# Ender's Garden (my latest project)



## jopenguin (Jun 29, 2009)

Our state quilt guild had their spring meeting this past weekend with a nationally known teacher. I took one of her classes and couldn't resist hedgie-izing my project.

For you quilters out there, she teaches fusing. This was my first fusing project. The theme of the glass was the Garden of Eden, hence the name Ender's Garden. It's not totally finished.

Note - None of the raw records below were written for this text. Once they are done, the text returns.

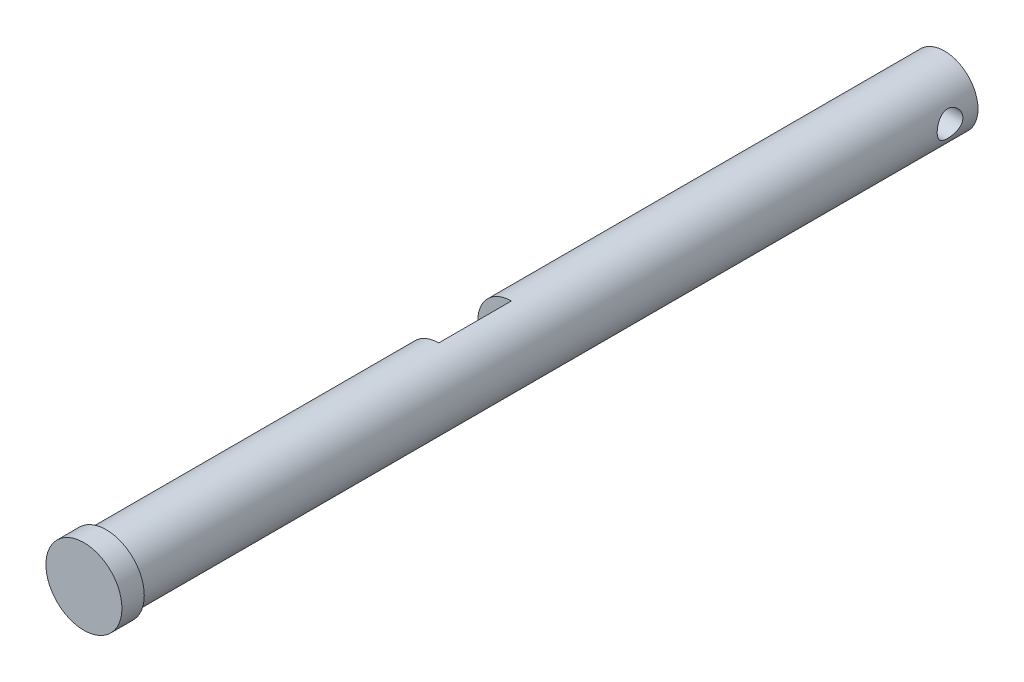
SolidWorks part; units mm, degrees
material "Alliage de zinc AC41A, brut"
ref_plane "Plan de face" through (0, 0, 0) normal (0, 0, 1) x (1, 0, 0)
ref_plane "Plan de dessus" through (0, 0, 0) normal (0, 1, 0) x (1, 0, 0)
ref_plane "Plan de droite" through (0, 0, 0) normal (1, 0, 0) x (0, 0, -1)
sketch "Sketch1" plane through (0, 0, 0) normal (0, 0, 1) x (1, 0, 0)
  circle A0 centre (0, 0) radius 3
  dimension "D1" = 6
extrude "Boss-Extrude1" add sketch "Sketch1" along normal blind 38.75
sketch "Sketch2" plane through (0, 0, 38.75) normal (0, 0, 1) x (1, 0, 0)
  line L0 (0, 3) -> (0, -3)
  arc A0 (0, -3) -> (0, 3) centre (0, 0) ccw
  point P5 (0, 3)
  dimension "D1" = 6
extrude "Boss-Extrude2" add sketch "Sketch2" along normal blind 6.5
sketch "Sketch3" plane through (0, 0, 45.25) normal (0, 0, 1) x (1, 0, 0)
  circle A0 centre (0, 0) radius 3
  dimension "D1" = 6
extrude "Boss-Extrude3" add sketch "Sketch3" along normal blind 29.75
sketch "Sketch4" plane through (0, 0, 75) normal (0, 0, 1) x (1, 0, 0)
  circle A0 centre (0, 0) radius 3.4
  dimension "D1" = 6.8
extrude "Boss-Extrude4" add sketch "Sketch4" along normal blind 2
sketch "Sketch5" plane through (0, 0, 0) normal (1, 0, 0) x (0, 0, -1)
  line L0 (0, 0) -> (-2.5, 0) construction
  circle A0 centre (-2.5, 0) radius 1.15
  dimension "D2" = 2.3
  dimension "D1" = 2.5
extrude "Cut-Extrude1" cut sketch "Sketch5" against normal up to next and the other way up to next
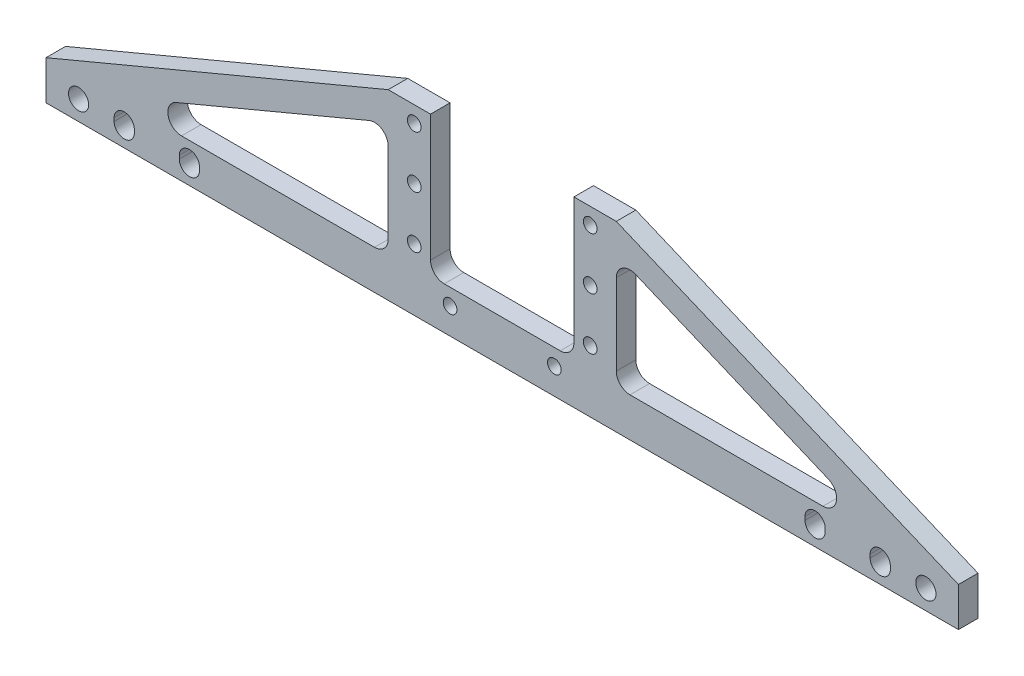
SolidWorks part; units mm, degrees
ref_plane "正面" through (0, 0, 0) normal (0, 0, 1) x (1, 0, 0)
ref_plane "平面" through (0, 0, 0) normal (0, 1, 0) x (1, 0, 0)
ref_plane "右側面" through (0, 0, 0) normal (1, 0, 0) x (0, 0, -1)
sketch "ｽｹｯﾁ1" plane through (0, 0, 0) normal (0, 0, 1) x (1, 0, 0)
  line L0 (-13.5, 21.5) -> (-13.5, 13.5) construction
  line L5 (-13.5, 13.5) -> (-13.5, 5.5) construction
  line L6 (-13.5, 5.5) -> (-13.5, 0) construction
  line L7 (-13.5, 0) -> (-8, 0) construction
  line L8 (-8, 0) -> (8, 0) construction
  line L9 (8, 0) -> (13.5, 0) construction
  line L10 (13.5, 0) -> (13.5, 5.5) construction
  line L11 (13.5, 5.5) -> (13.5, 13.5) construction
  line L12 (13.5, 13.5) -> (13.5, 21.5) construction
  line L13 (-11, 4.6) -> (-11, 24)
  line L14 (-11, 24) -> (-17.5, 24)
  line L15 (-17.5, 24) -> (-17.5, -4) construction
  line L16 (-17.5, -4) -> (17.5, -4)
  line L17 (17.5, -4) -> (17.5, 24) construction
  line L18 (17.5, 24) -> (11, 24)
  line L19 (11, 24) -> (11, 4.6)
  line L20 (8.9, 2.5) -> (-8.9, 2.5)
  line L21 (-17.5, 24) -> (-70, 2)
  line L22 (-70, -4) -> (-17.5, -4)
  line L23 (-17.5, 4.1) -> (-17.5, 16.5061)
  line L24 (-20.4116, 18.4429) -> (-50.017, 6.0368)
  line L25 (-49.2054, 2) -> (-19.6, 2)
  line L26 (-70, 2) -> (-70, -4)
  line L27 (-70, -1) -> (-65, -1) construction
  line L28 (-65, -1) -> (-65, -4) construction
  line L29 (0, -4) -> (0, 24) construction
  line L30 (70, -4) -> (17.5, -4)
  line L31 (70, 2) -> (70, -4)
  line L32 (17.5, 24) -> (70, 2)
  line L33 (20.4116, 18.4429) -> (50.017, 6.0368)
  line L34 (17.5, 4.1) -> (17.5, 16.5061)
  line L35 (49.2054, 2) -> (19.6, 2)
  circle A0 centre (-13.5, 5.5) radius 1.05
  circle A1 centre (-8, 0) radius 1.05
  circle A2 centre (8, 0) radius 1.05
  circle A3 centre (-13.5, 13.5) radius 1.05
  circle A4 centre (-13.5, 21.5) radius 1.05
  circle A5 centre (13.5, 21.5) radius 1.05
  circle A6 centre (13.5, 13.5) radius 1.05
  circle A7 centre (13.5, 5.5) radius 1.05
  arc A8 (-17.5, 4.1) -> (-19.6, 2) centre (-19.6, 4.1) cw
  arc A9 (-50.017, 6.0368) -> (-49.2054, 2) centre (-49.2054, 4.1) ccw
  arc A10 (-17.5, 16.5061) -> (-20.4116, 18.4429) centre (-19.6, 16.5061) ccw
  circle A11 centre (-65, -1) radius 1.55
  circle A12 centre (65, -1) radius 1.55
  arc A13 (17.5, 16.5061) -> (20.4116, 18.4429) centre (19.6, 16.5061) cw
  arc A14 (17.5, 4.1) -> (19.6, 2) centre (19.6, 4.1) ccw
  arc A15 (50.017, 6.0368) -> (49.2054, 2) centre (49.2054, 4.1) cw
  arc A16 (11, 4.6) -> (8.9, 2.5) centre (8.9, 4.6) cw
  arc A17 (-11, 4.6) -> (-8.9, 2.5) centre (-8.9, 4.6) ccw
  point P0 (0, 0)
  point P1 (0, 0)
  point P35 (-17.5, 2)
  point P40 (-17.5, 19.663)
  dimension "D3" = 2.1
  dimension "D15" = 2.1
  dimension "D17" = 3.1
  dimension "D19" = 2.1
  dimension "D1" = 5.5
  dimension "D2" = 8
  dimension "D4" = 27
  dimension "D5" = 2.5
  dimension "D6" = 2.5
  dimension "D7" = 2.5
  dimension "D8" = 4
  dimension "D9" = 4
  dimension "D10" = 2.5
  dimension "D11" = 4
  dimension "D12" = 70
  dimension "D13" = 4
  dimension "D14" = 6
  dimension "D16" = 6
  dimension "D18" = 5
extrude "ﾎﾞｽ - 押し出し1" add sketch "ｽｹｯﾁ1" along normal blind 3
sketch "ｽｹｯﾁ2" plane through (0, 0, 3) normal (0, 0, 1) x (1, 0, 0)
  line L0 (-70, -1) -> (-48, -1) construction
  line L1 (-70, 2) -> (-70, -4) construction
  line L2 (0, -4) -> (0, 2.5) construction
  line L3 (-70, -4) -> (70, -4) construction
  line L4 (8.9, 2.5) -> (-8.9, 2.5) construction
  circle A0 centre (-48, -1) radius 1.55
  circle A1 centre (48, -1) radius 1.55
  circle A2 centre (-58, -1) radius 1.55
  circle A3 centre (58, -1) radius 1.55
  dimension "D1" = 3.1
  dimension "D2" = 22
  dimension "D3" = 10
extrude "ｶｯﾄ - 押し出し1" cut sketch "ｽｹｯﾁ2" against normal blind 3
sketch "ｽｹｯﾁ3" plane through (0, 0, 0) normal (0, 0, -1) x (-1, 0, 0)
  line L0 (-58, -0.75) -> (-58, -1.25) construction
  line L1 (-56.45, -0.75) -> (-56.45, -1.25)
  line L2 (-59.55, -0.75) -> (-59.55, -1.25)
  line L3 (-48, -0.75) -> (-48, -1.25) construction
  line L4 (-46.45, -0.75) -> (-46.45, -1.25)
  line L5 (-49.55, -0.75) -> (-49.55, -1.25)
  line L6 (0, 2.5) -> (0, -4) construction
  line L7 (-8.9, 2.5) -> (8.9, 2.5) construction
  line L8 (70, -4) -> (-70, -4) construction
  line L9 (58, -0.75) -> (58, -1.25) construction
  line L10 (56.45, -0.75) -> (56.45, -1.25)
  line L11 (59.55, -0.75) -> (59.55, -1.25)
  line L12 (48, -0.75) -> (48, -1.25) construction
  line L13 (46.45, -0.75) -> (46.45, -1.25)
  line L14 (49.55, -0.75) -> (49.55, -1.25)
  arc A0 (-56.45, -0.75) -> (-59.55, -0.75) centre (-58, -0.75) ccw
  arc A1 (-59.55, -1.25) -> (-56.45, -1.25) centre (-58, -1.25) ccw
  circle A2 centre (-58, -1) radius 1.55 construction
  arc A3 (-46.45, -0.75) -> (-49.55, -0.75) centre (-48, -0.75) ccw
  arc A4 (-49.55, -1.25) -> (-46.45, -1.25) centre (-48, -1.25) ccw
  arc A5 (56.45, -0.75) -> (59.55, -0.75) centre (58, -0.75) cw
  arc A6 (59.55, -1.25) -> (56.45, -1.25) centre (58, -1.25) cw
  arc A7 (46.45, -0.75) -> (49.55, -0.75) centre (48, -0.75) cw
  arc A8 (49.55, -1.25) -> (46.45, -1.25) centre (48, -1.25) cw
  point P2 (-58, -1)
  point P13 (-48, -1)
  point P25 (58, -1)
  point P32 (48, -1)
  dimension "D1" = 0.5
  dimension "D2" = 2
extrude "ｶｯﾄ - 押し出し2" cut sketch "ｽｹｯﾁ3" against normal through all

http://home-and-garden.webshots.com/pho ... and-garden

Close up of "Ender" and one of his mealies

http://home-and-garden.webshots.com/pho ... and-garden


----------



## Nancy (Aug 22, 2008)

That's cute. Good job!


----------



## LarryT (May 12, 2009)

Nancy said:


> That's cute. Good job!


Ditto


----------



## Hedgieonboard (Nov 15, 2009)

Awesome job  I used to quilt a lot so I can tell that you put a ton of work into it. I love it


----------



## Sarahg (Feb 18, 2010)

That's awesome, good job!


----------



## tie-dye hedgie (Dec 19, 2009)

That is fabulous! You should be proud of yourself for making that! :mrgreen:


----------



## hihihishite (Jan 12, 2010)

Wow I love the colours.

What exactly is fusing and how do you do it?


----------



## mel2626 (Sep 28, 2009)

Beautiful!! I absolutely LOVE the colors you used!!


----------



## jopenguin (Jun 29, 2009)

Thanks guys! The fabric she had was hand-dyed and had some awesome color to it.

Fusing is a art quilt making process where you iron some heat-activated material to the back of your fabric, cut it up, place it on other fabric in whatever design you want and then "set" it with your iron again so it's glued to the fabric. That's a really really basic description. It was pretty fun. The next step is to embellish it with embroidery stitches (the mealies may get legs), and do the layering/quilting part.

Jodi


----------



## tie-dye hedgie (Dec 19, 2009)

Fusing sounds fun! I might have to try it!


----------